Defining SLOs for Gateway Latency and Error Budgets
The gateway is the one place in a distributed system that sees every user-facing request, which makes it the natural point to define the reliability contract a platform team commits to. But an SLO that is picked from a round number — “let’s do four nines” — without connecting it to real traffic and a working alert is theatre. This how-to walks the concrete sequence: choose the SLIs, set defensible targets and windows, turn the target into an error budget, and wire multi-window burn-rate alerts to the gateway’s own metrics so that when the budget drains, someone is paged for the right reason. The stakes are direct — an SLO that is too tight pages on-call for noise until they mute it, and one that is too loose lets a slow reliability leak run for weeks before anyone notices.
Prerequisites
This page assumes you have already instrumented the gateway as described in gateway metrics and SLOs: a request_total counter labelled on matched route and status, and a request_duration_seconds histogram with buckets aligned to your latency thresholds.

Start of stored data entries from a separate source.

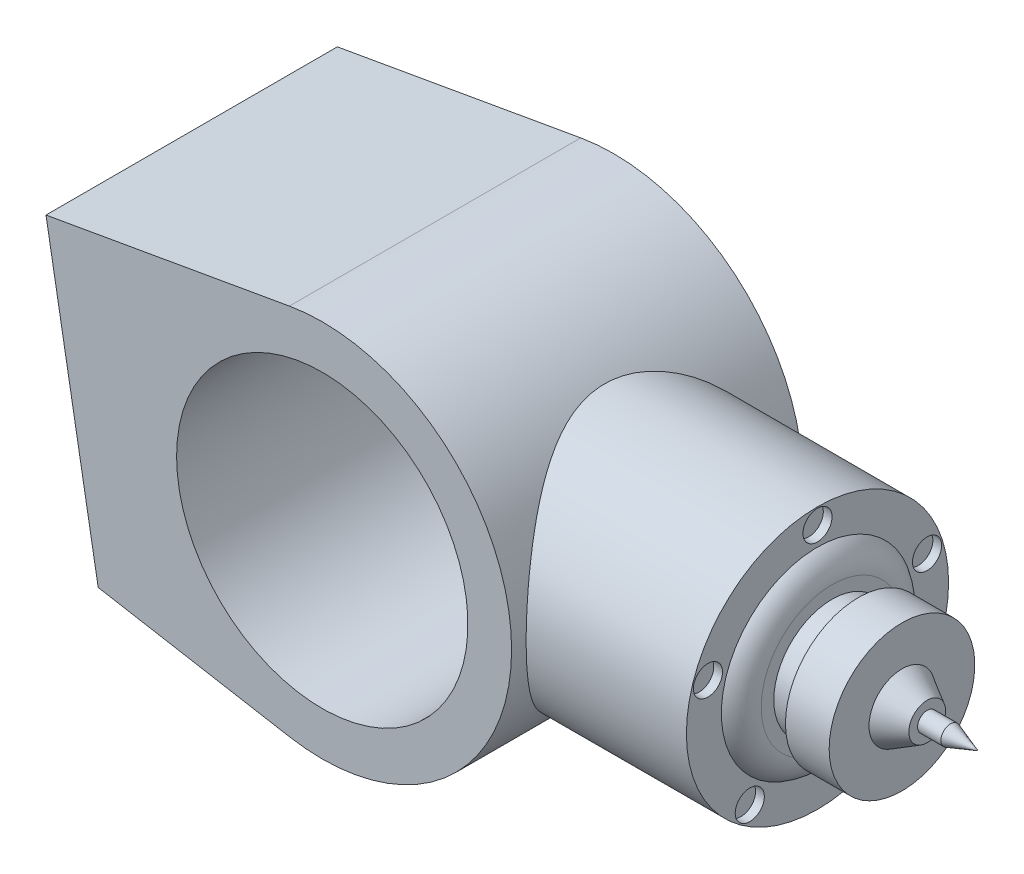
ISO-10303-21;
HEADER;
FILE_DESCRIPTION(('STEP AP214'),'2;1');
FILE_NAME('part.step','',(''),(''),'','','');
FILE_SCHEMA(('AUTOMOTIVE_DESIGN { 1 0 10303 214 1 1 1 1 }'));
ENDSEC;
DATA;
#1=APPLICATION_CONTEXT('core data for automotive mechanical design processes');
#2=APPLICATION_PROTOCOL_DEFINITION('international standard','automotive_design',2000,#1);
#3=PRODUCT_CONTEXT('',#1,'mechanical');
#4=PRODUCT('Part','Part','',(#3));
#5=PRODUCT_RELATED_PRODUCT_CATEGORY('part','',(#4));
#6=PRODUCT_DEFINITION_FORMATION('','',#4);
#7=PRODUCT_DEFINITION_CONTEXT('part definition',#1,'design');
#8=PRODUCT_DEFINITION('design','',#6,#7);
#9=PRODUCT_DEFINITION_SHAPE('','',#8);
#10=(LENGTH_UNIT() NAMED_UNIT(*) SI_UNIT(.MILLI.,.METRE.));
#11=(NAMED_UNIT(*) PLANE_ANGLE_UNIT() SI_UNIT($,.RADIAN.));
#12=(NAMED_UNIT(*) SI_UNIT($,.STERADIAN.) SOLID_ANGLE_UNIT());
#13=UNCERTAINTY_MEASURE_WITH_UNIT(LENGTH_MEASURE(1.E-05),#10,'distance_accuracy_value','');
#14=(GEOMETRIC_REPRESENTATION_CONTEXT(3) GLOBAL_UNCERTAINTY_ASSIGNED_CONTEXT((#13)) GLOBAL_UNIT_ASSIGNED_CONTEXT((#10,
#11,#12)) REPRESENTATION_CONTEXT('',''));
#15=CARTESIAN_POINT('',(0.,0.,0.));
#16=DIRECTION('',(0.,0.,1.));
#17=DIRECTION('',(1.,0.,0.));
#18=AXIS2_PLACEMENT_3D('',#15,#16,#17);
#19=CARTESIAN_POINT('',(165.660254037844,0.,0.));
#20=DIRECTION('',(-1.,0.,0.));
#21=DIRECTION('',(0.,0.,1.));
#22=AXIS2_PLACEMENT_3D('',#19,#20,#21);
#23=CONICAL_SURFACE('',#22,3.31020279040991,0.337384605531318);
#24=CARTESIAN_POINT('',(175.096490442596,0.,0.));
#25=VERTEX_POINT('',#24);
#26=VERTEX_LOOP('',#25);
#27=FACE_BOUND('',#26,.T.);
#28=CARTESIAN_POINT('',(165.660254037844,0.,0.));
#29=DIRECTION('',(-1.,0.,0.));
#30=DIRECTION('',(0.,0.,1.));
#31=AXIS2_PLACEMENT_3D('',#28,#29,#30);
#32=CIRCLE('',#31,3.31020279040991);
#33=CARTESIAN_POINT('',(165.660254037844,0.,3.31020279040991));
#34=VERTEX_POINT('',#33);
#35=EDGE_CURVE('E264',#34,#34,#32,.T.);
#36=ORIENTED_EDGE('',*,*,#35,.F.);
#37=EDGE_LOOP('',(#36));
#38=FACE_BOUND('',#37,.T.);
#39=ADVANCED_FACE('F37',(#27,#38),#23,.T.);
#40=CARTESIAN_POINT('',(0.,0.,0.));
#41=DIRECTION('',(-1.,0.,0.));
#42=DIRECTION('',(0.,0.,1.));
#43=AXIS2_PLACEMENT_3D('',#40,#41,#42);
#44=CYLINDRICAL_SURFACE('',#43,20.);
#45=CARTESIAN_POINT('',(125.,0.,0.));
#46=DIRECTION('',(1.,0.,0.));
#47=DIRECTION('',(0.,0.,-1.));
#48=AXIS2_PLACEMENT_3D('',#45,#46,#47);
#49=CIRCLE('',#48,20.);
#50=CARTESIAN_POINT('',(125.,0.,-20.));
#51=VERTEX_POINT('',#50);
#52=EDGE_CURVE('E111',#51,#51,#49,.F.);
#53=ORIENTED_EDGE('',*,*,#52,.F.);
#54=EDGE_LOOP('',(#53));
#55=FACE_BOUND('',#54,.T.);
#56=CARTESIAN_POINT('',(134.,0.,0.));
#57=DIRECTION('',(-1.,0.,0.));
#58=DIRECTION('',(0.,0.,1.));
#59=AXIS2_PLACEMENT_3D('',#56,#57,#58);
#60=CIRCLE('',#59,20.);
#61=CARTESIAN_POINT('',(134.,0.,20.));
#62=VERTEX_POINT('',#61);
#63=EDGE_CURVE('E125',#62,#62,#60,.T.);
#64=ORIENTED_EDGE('',*,*,#63,.T.);
#65=EDGE_LOOP('',(#64));
#66=FACE_BOUND('',#65,.T.);
#67=ADVANCED_FACE('F136',(#55,#66),#44,.T.);
#68=CARTESIAN_POINT('',(134.,0.,0.));
#69=DIRECTION('',(-1.,0.,0.));
#70=DIRECTION('',(0.,0.,1.));
#71=AXIS2_PLACEMENT_3D('',#68,#69,#70);
#72=PLANE('',#71);
#73=CARTESIAN_POINT('',(134.,0.,0.));
#74=DIRECTION('',(-1.,0.,0.));
#75=DIRECTION('',(0.,0.,1.));
#76=AXIS2_PLACEMENT_3D('',#73,#74,#75);
#77=CIRCLE('',#76,25.);
#78=CARTESIAN_POINT('',(134.,0.,25.));
#79=VERTEX_POINT('',#78);
#80=EDGE_CURVE('E279',#79,#79,#77,.T.);
#81=ORIENTED_EDGE('',*,*,#80,.T.);
#82=EDGE_LOOP('',(#81));
#83=FACE_BOUND('',#82,.T.);
#84=ORIENTED_EDGE('',*,*,#63,.F.);
#85=EDGE_LOOP('',(#84));
#86=FACE_BOUND('',#85,.T.);
#87=ADVANCED_FACE('F140',(#83,#86),#72,.T.);
#88=CARTESIAN_POINT('',(0.,0.,0.));
#89=DIRECTION('',(-1.,0.,0.));
#90=DIRECTION('',(0.,0.,1.));
#91=AXIS2_PLACEMENT_3D('',#88,#89,#90);
#92=CYLINDRICAL_SURFACE('',#91,25.);
#93=CARTESIAN_POINT('',(149.,0.,0.));
#94=DIRECTION('',(-1.,0.,0.));
#95=DIRECTION('',(0.,0.,1.));
#96=AXIS2_PLACEMENT_3D('',#93,#94,#95);
#97=CIRCLE('',#96,25.);
#98=CARTESIAN_POINT('',(149.,0.,25.));
#99=VERTEX_POINT('',#98);
#100=EDGE_CURVE('E277',#99,#99,#97,.T.);
#101=ORIENTED_EDGE('',*,*,#100,.T.);
#102=EDGE_LOOP('',(#101));
#103=FACE_BOUND('',#102,.T.);
#104=ORIENTED_EDGE('',*,*,#80,.F.);
#105=EDGE_LOOP('',(#104));
#106=FACE_BOUND('',#105,.T.);
#107=ADVANCED_FACE('F144',(#103,#106),#92,.T.);
#108=CARTESIAN_POINT('',(149.,0.,0.));
#109=DIRECTION('',(1.,0.,0.));
#110=DIRECTION('',(0.,0.,-1.));
#111=AXIS2_PLACEMENT_3D('',#108,#109,#110);
#112=PLANE('',#111);
#113=CARTESIAN_POINT('',(149.,0.,0.));
#114=DIRECTION('',(-1.,0.,0.));
#115=DIRECTION('',(0.,0.,1.));
#116=AXIS2_PLACEMENT_3D('',#113,#114,#115);
#117=CIRCLE('',#116,11.3102027904099);
#118=CARTESIAN_POINT('',(149.,0.,11.3102027904099));
#119=VERTEX_POINT('',#118);
#120=EDGE_CURVE('E274',#119,#119,#117,.T.);
#121=ORIENTED_EDGE('',*,*,#120,.T.);
#122=EDGE_LOOP('',(#121));
#123=FACE_BOUND('',#122,.T.);
#124=ORIENTED_EDGE('',*,*,#100,.F.);
#125=EDGE_LOOP('',(#124));
#126=FACE_BOUND('',#125,.T.);
#127=ADVANCED_FACE('F148',(#123,#126),#112,.T.);
#128=CARTESIAN_POINT('',(149.,0.,0.));
#129=DIRECTION('',(-1.,0.,0.));
#130=DIRECTION('',(0.,0.,1.));
#131=AXIS2_PLACEMENT_3D('',#128,#129,#130);
#132=CONICAL_SURFACE('',#131,11.3102027904099,0.523598775598294);
#133=CARTESIAN_POINT('',(157.660254037844,0.,0.));
#134=DIRECTION('',(-1.,0.,0.));
#135=DIRECTION('',(0.,0.,1.));
#136=AXIS2_PLACEMENT_3D('',#133,#134,#135);
#137=CIRCLE('',#136,6.31020279040992);
#138=CARTESIAN_POINT('',(157.660254037844,0.,6.31020279040992));
#139=VERTEX_POINT('',#138);
#140=EDGE_CURVE('E271',#139,#139,#137,.T.);
#141=ORIENTED_EDGE('',*,*,#140,.T.);
#142=EDGE_LOOP('',(#141));
#143=FACE_BOUND('',#142,.T.);
#144=ORIENTED_EDGE('',*,*,#120,.F.);
#145=EDGE_LOOP('',(#144));
#146=FACE_BOUND('',#145,.T.);
#147=ADVANCED_FACE('F152',(#143,#146),#132,.T.);
#148=CARTESIAN_POINT('',(157.660254037844,-1.45865036750889E-12,0.));
#149=DIRECTION('',(1.,0.,0.));
#150=DIRECTION('',(0.,0.,-1.));
#151=AXIS2_PLACEMENT_3D('',#148,#149,#150);
#152=PLANE('',#151);
#153=CARTESIAN_POINT('',(157.660254037844,0.,0.));
#154=DIRECTION('',(-1.,0.,0.));
#155=DIRECTION('',(0.,0.,1.));
#156=AXIS2_PLACEMENT_3D('',#153,#154,#155);
#157=CIRCLE('',#156,3.31020279040991);
#158=CARTESIAN_POINT('',(157.660254037844,0.,3.31020279040991));
#159=VERTEX_POINT('',#158);
#160=EDGE_CURVE('E268',#159,#159,#157,.T.);
#161=ORIENTED_EDGE('',*,*,#160,.T.);
#162=EDGE_LOOP('',(#161));
#163=FACE_BOUND('',#162,.T.);
#164=ORIENTED_EDGE('',*,*,#140,.F.);
#165=EDGE_LOOP('',(#164));
#166=FACE_BOUND('',#165,.T.);
#167=ADVANCED_FACE('F156',(#163,#166),#152,.T.);
#168=CARTESIAN_POINT('',(0.,0.,0.));
#169=DIRECTION('',(-1.,0.,0.));
#170=DIRECTION('',(0.,0.,1.));
#171=AXIS2_PLACEMENT_3D('',#168,#169,#170);
#172=CYLINDRICAL_SURFACE('',#171,3.31020279040991);
#173=ORIENTED_EDGE('',*,*,#35,.T.);
#174=EDGE_LOOP('',(#173));
#175=FACE_BOUND('',#174,.T.);
#176=ORIENTED_EDGE('',*,*,#160,.F.);
#177=EDGE_LOOP('',(#176));
#178=FACE_BOUND('',#177,.T.);
#179=ADVANCED_FACE('F160',(#175,#178),#172,.T.);
#180=CARTESIAN_POINT('',(125.,0.,0.));
#181=DIRECTION('',(1.,0.,0.));
#182=DIRECTION('',(0.,0.,-1.));
#183=AXIS2_PLACEMENT_3D('',#180,#181,#182);
#184=PLANE('',#183);
#185=CARTESIAN_POINT('',(125.,0.,0.));
#186=DIRECTION('',(1.,0.,0.));
#187=DIRECTION('',(0.,0.,-1.));
#188=AXIS2_PLACEMENT_3D('',#185,#186,#187);
#189=CIRCLE('',#188,24.3397459621556);
#190=CARTESIAN_POINT('',(125.,0.,-24.3397459621556));
#191=VERTEX_POINT('',#190);
#192=EDGE_CURVE('E267',#191,#191,#189,.T.);
#193=ORIENTED_EDGE('',*,*,#192,.T.);
#194=EDGE_LOOP('',(#193));
#195=FACE_BOUND('',#194,.T.);
#196=ORIENTED_EDGE('',*,*,#52,.T.);
#197=EDGE_LOOP('',(#196));
#198=FACE_BOUND('',#197,.T.);
#199=ADVANCED_FACE('F164',(#195,#198),#184,.T.);
#200=CARTESIAN_POINT('',(0.,0.,50.));
#201=DIRECTION('',(0.,0.,-1.));
#202=DIRECTION('',(-1.,0.,0.));
#203=AXIS2_PLACEMENT_3D('',#200,#201,#202);
#204=CYLINDRICAL_SURFACE('',#203,50.);
#205=CARTESIAN_POINT('',(0.,0.,50.));
#206=DIRECTION('',(0.,0.,1.));
#207=DIRECTION('',(1.,0.,0.));
#208=AXIS2_PLACEMENT_3D('',#205,#206,#207);
#209=CIRCLE('',#208,50.);
#210=CARTESIAN_POINT('',(-50.,0.,50.));
#211=VERTEX_POINT('',#210);
#212=EDGE_CURVE('E108',#211,#211,#209,.T.);
#213=CARTESIAN_POINT('',(0.,0.,-50.));
#214=DIRECTION('',(0.,0.,1.));
#215=DIRECTION('',(1.,0.,0.));
#216=AXIS2_PLACEMENT_3D('',#213,#214,#215);
#217=CIRCLE('',#216,50.);
#218=CARTESIAN_POINT('',(-50.,0.,-50.));
#219=VERTEX_POINT('',#218);
#220=EDGE_CURVE('E104',#219,#219,#217,.T.);
#221=CARTESIAN_POINT('',(-50.,0.,50.));
#222=CARTESIAN_POINT('',(-50.,0.,48.9583333333333));
#223=CARTESIAN_POINT('',(-50.,0.,47.9166666666667));
#224=CARTESIAN_POINT('',(-50.,0.,45.8333333333333));
#225=CARTESIAN_POINT('',(-50.,0.,44.7916666666667));
#226=CARTESIAN_POINT('',(-50.,0.,42.7083333333333));
#227=CARTESIAN_POINT('',(-50.,0.,41.6666666666667));
#228=CARTESIAN_POINT('',(-50.,0.,39.5833333333333));
#229=CARTESIAN_POINT('',(-50.,0.,38.5416666666667));
#230=CARTESIAN_POINT('',(-50.,0.,36.4583333333333));
#231=CARTESIAN_POINT('',(-50.,0.,35.4166666666667));
#232=CARTESIAN_POINT('',(-50.,0.,33.3333333333333));
#233=CARTESIAN_POINT('',(-50.,0.,32.2916666666667));
#234=CARTESIAN_POINT('',(-50.,0.,30.2083333333333));
#235=CARTESIAN_POINT('',(-50.,0.,29.1666666666667));
#236=CARTESIAN_POINT('',(-50.,0.,27.0833333333333));
#237=CARTESIAN_POINT('',(-50.,0.,26.0416666666667));
#238=CARTESIAN_POINT('',(-50.,0.,23.9583333333333));
#239=CARTESIAN_POINT('',(-50.,0.,22.9166666666667));
#240=CARTESIAN_POINT('',(-50.,0.,20.8333333333333));
#241=CARTESIAN_POINT('',(-50.,0.,19.7916666666667));
#242=CARTESIAN_POINT('',(-50.,0.,17.7083333333333));
#243=CARTESIAN_POINT('',(-50.,0.,16.6666666666667));
#244=CARTESIAN_POINT('',(-50.,0.,14.5833333333333));
#245=CARTESIAN_POINT('',(-50.,0.,13.5416666666667));
#246=CARTESIAN_POINT('',(-50.,0.,11.4583333333333));
#247=CARTESIAN_POINT('',(-50.,0.,10.4166666666667));
#248=CARTESIAN_POINT('',(-50.,0.,8.33333333333333));
#249=CARTESIAN_POINT('',(-50.,0.,7.29166666666666));
#250=CARTESIAN_POINT('',(-50.,0.,5.20833333333333));
#251=CARTESIAN_POINT('',(-50.,0.,4.16666666666666));
#252=CARTESIAN_POINT('',(-50.,0.,2.08333333333333));
#253=CARTESIAN_POINT('',(-50.,0.,1.04166666666666));
#254=CARTESIAN_POINT('',(-50.,0.,-1.04166666666667));
#255=CARTESIAN_POINT('',(-50.,0.,-2.08333333333334));
#256=CARTESIAN_POINT('',(-50.,0.,-4.16666666666667));
#257=CARTESIAN_POINT('',(-50.,0.,-5.20833333333334));
#258=CARTESIAN_POINT('',(-50.,0.,-7.29166666666667));
#259=CARTESIAN_POINT('',(-50.,0.,-8.33333333333334));
#260=CARTESIAN_POINT('',(-50.,0.,-10.4166666666667));
#261=CARTESIAN_POINT('',(-50.,0.,-11.4583333333333));
#262=CARTESIAN_POINT('',(-50.,0.,-13.5416666666667));
#263=CARTESIAN_POINT('',(-50.,0.,-14.5833333333333));
#264=CARTESIAN_POINT('',(-50.,0.,-16.6666666666667));
#265=CARTESIAN_POINT('',(-50.,0.,-17.7083333333333));
#266=CARTESIAN_POINT('',(-50.,0.,-19.7916666666667));
#267=CARTESIAN_POINT('',(-50.,0.,-20.8333333333333));
#268=CARTESIAN_POINT('',(-50.,0.,-22.9166666666667));
#269=CARTESIAN_POINT('',(-50.,0.,-23.9583333333333));
#270=CARTESIAN_POINT('',(-50.,0.,-26.0416666666667));
#271=CARTESIAN_POINT('',(-50.,0.,-27.0833333333333));
#272=CARTESIAN_POINT('',(-50.,0.,-29.1666666666667));
#273=CARTESIAN_POINT('',(-50.,0.,-30.2083333333333));
#274=CARTESIAN_POINT('',(-50.,0.,-32.2916666666667));
#275=CARTESIAN_POINT('',(-50.,0.,-33.3333333333333));
#276=CARTESIAN_POINT('',(-50.,0.,-35.4166666666667));
#277=CARTESIAN_POINT('',(-50.,0.,-36.4583333333333));
#278=CARTESIAN_POINT('',(-50.,0.,-38.5416666666667));
#279=CARTESIAN_POINT('',(-50.,0.,-39.5833333333333));
#280=CARTESIAN_POINT('',(-50.,0.,-41.6666666666667));
#281=CARTESIAN_POINT('',(-50.,0.,-42.7083333333333));
#282=CARTESIAN_POINT('',(-50.,0.,-44.7916666666667));
#283=CARTESIAN_POINT('',(-50.,0.,-45.8333333333333));
#284=CARTESIAN_POINT('',(-50.,0.,-47.9166666666667));
#285=CARTESIAN_POINT('',(-50.,0.,-48.9583333333333));
#286=CARTESIAN_POINT('',(-50.,0.,-50.));
#287=B_SPLINE_CURVE_WITH_KNOTS('',3,(#221,#222,#223,#224,#225,#226,#227,#228,#229,#230,#231,
#232,#233,#234,#235,#236,#237,#238,#239,#240,#241,#242,#243,#244,#245,#246,#247,#248,#249,#250,
#251,#252,#253,#254,#255,#256,#257,#258,#259,#260,#261,#262,#263,#264,#265,#266,#267,#268,#269,
#270,#271,#272,#273,#274,#275,#276,#277,#278,#279,#280,#281,#282,#283,#284,#285,#286),
.UNSPECIFIED.,.F.,.F.,(4,2,2,2,2,2,2,2,2,2,2,2,2,2,2,2,2,2,2,2,2,2,2,2,2,2,2,2,2,2,2,2,4),(0.,
3.125,6.25,9.37499999999999,12.5,15.625,18.75,21.875,25.,28.125,31.25,34.375,37.5,40.625,43.75,
46.875,50.,53.125,56.25,59.375,62.5,65.625,68.75,71.875,75.,78.125,81.25,84.375,87.5,90.625,
93.75,96.875,100.),.UNSPECIFIED.);
#288=EDGE_CURVE('BSEAM209',#211,#219,#287,.T.);
#289=ORIENTED_EDGE('',*,*,#212,.T.);
#290=ORIENTED_EDGE('',*,*,#220,.F.);
#291=ORIENTED_EDGE('',*,*,#288,.T.);
#292=ORIENTED_EDGE('',*,*,#288,.F.);
#293=EDGE_LOOP('',(#289,#291,#290,#292));
#294=FACE_BOUND('',#293,.T.);
#295=ADVANCED_FACE('F209',(#294),#204,.F.);
#296=CARTESIAN_POINT('',(-147.681836522835,-40.,50.));
#297=DIRECTION('',(0.173385141434729,0.984854097178693,0.));
#298=DIRECTION('',(-0.984854097178694,0.173385141434729,0.));
#299=AXIS2_PLACEMENT_3D('',#296,#297,#298);
#300=PLANE('',#299);
#301=DIRECTION('',(0.984854097178693,-0.173385141434729,0.));
#302=VECTOR('',#301,1.);
#303=CARTESIAN_POINT('',(-147.681836522835,-40.,50.));
#304=LINE('',#303,#302);
#305=CARTESIAN_POINT('',(-76.9078082683274,-52.4598810463057,50.));
#306=VERTEX_POINT('',#305);
#307=CARTESIAN_POINT('',(-11.2700341932574,-64.0155163166151,50.));
#308=VERTEX_POINT('',#307);
#309=EDGE_CURVE('E99',#306,#308,#304,.T.);
#310=ORIENTED_EDGE('',*,*,#309,.F.);
#311=DIRECTION('',(0.,0.,-1.));
#312=VECTOR('',#311,1.);
#313=CARTESIAN_POINT('',(-76.9078082683274,-52.4598810463057,50.));
#314=LINE('',#313,#312);
#315=CARTESIAN_POINT('',(-76.9078082683274,-52.4598810463057,-50.));
#316=VERTEX_POINT('',#315);
#317=EDGE_CURVE('E55',#306,#316,#314,.T.);
#318=ORIENTED_EDGE('',*,*,#317,.T.);
#319=DIRECTION('',(0.984854097178693,-0.173385141434729,0.));
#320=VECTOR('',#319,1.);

It also assumes the broader operational context of gateway observability and operations — that metrics sit alongside tracing and structured logs, and that you have a Prometheus instance scraping the gateway. If your latency is currently exposed as an average rather than a histogram, stop and fix the exposition first: you cannot build a latency SLO on a mean.
Step 1 — Pick the SLIs
An SLI is a ratio of good events to total events. For a gateway, define exactly two to start:
Availability SLI — the fraction of requests the gateway served without a server-side failure. Good events are all non-5xx responses; total is all responses. Exclude 4xx, which are client faults.
# Availability SLI: fraction of requests that were NOT server errors, 5m window
sum(rate(kong_http_requests_total{code!~"5.."}[5m]))
/
sum(rate(kong_http_requests_total[5m]))
Latency SLI — the fraction of requests served faster than a threshold. This is computed from the histogram as a good-over-total count, not by computing a percentile value. If your target is “P99 under 300 ms,” the SLI is the fraction of requests in buckets with le="0.3" or below:
# Latency SLI: fraction of requests served in <= 300ms, 5m window
sum(rate(kong_request_latency_ms_bucket{le="300"}[5m]))
/
sum(rate(kong_request_latency_ms_count[5m]))
Expressing the latency SLI as a threshold ratio (rather than histogram_quantile) is what makes the burn-rate math below work, because burn rate operates on a fraction of bad events. Save histogram_quantile for the dashboard panel that shows the actual P99 value over time.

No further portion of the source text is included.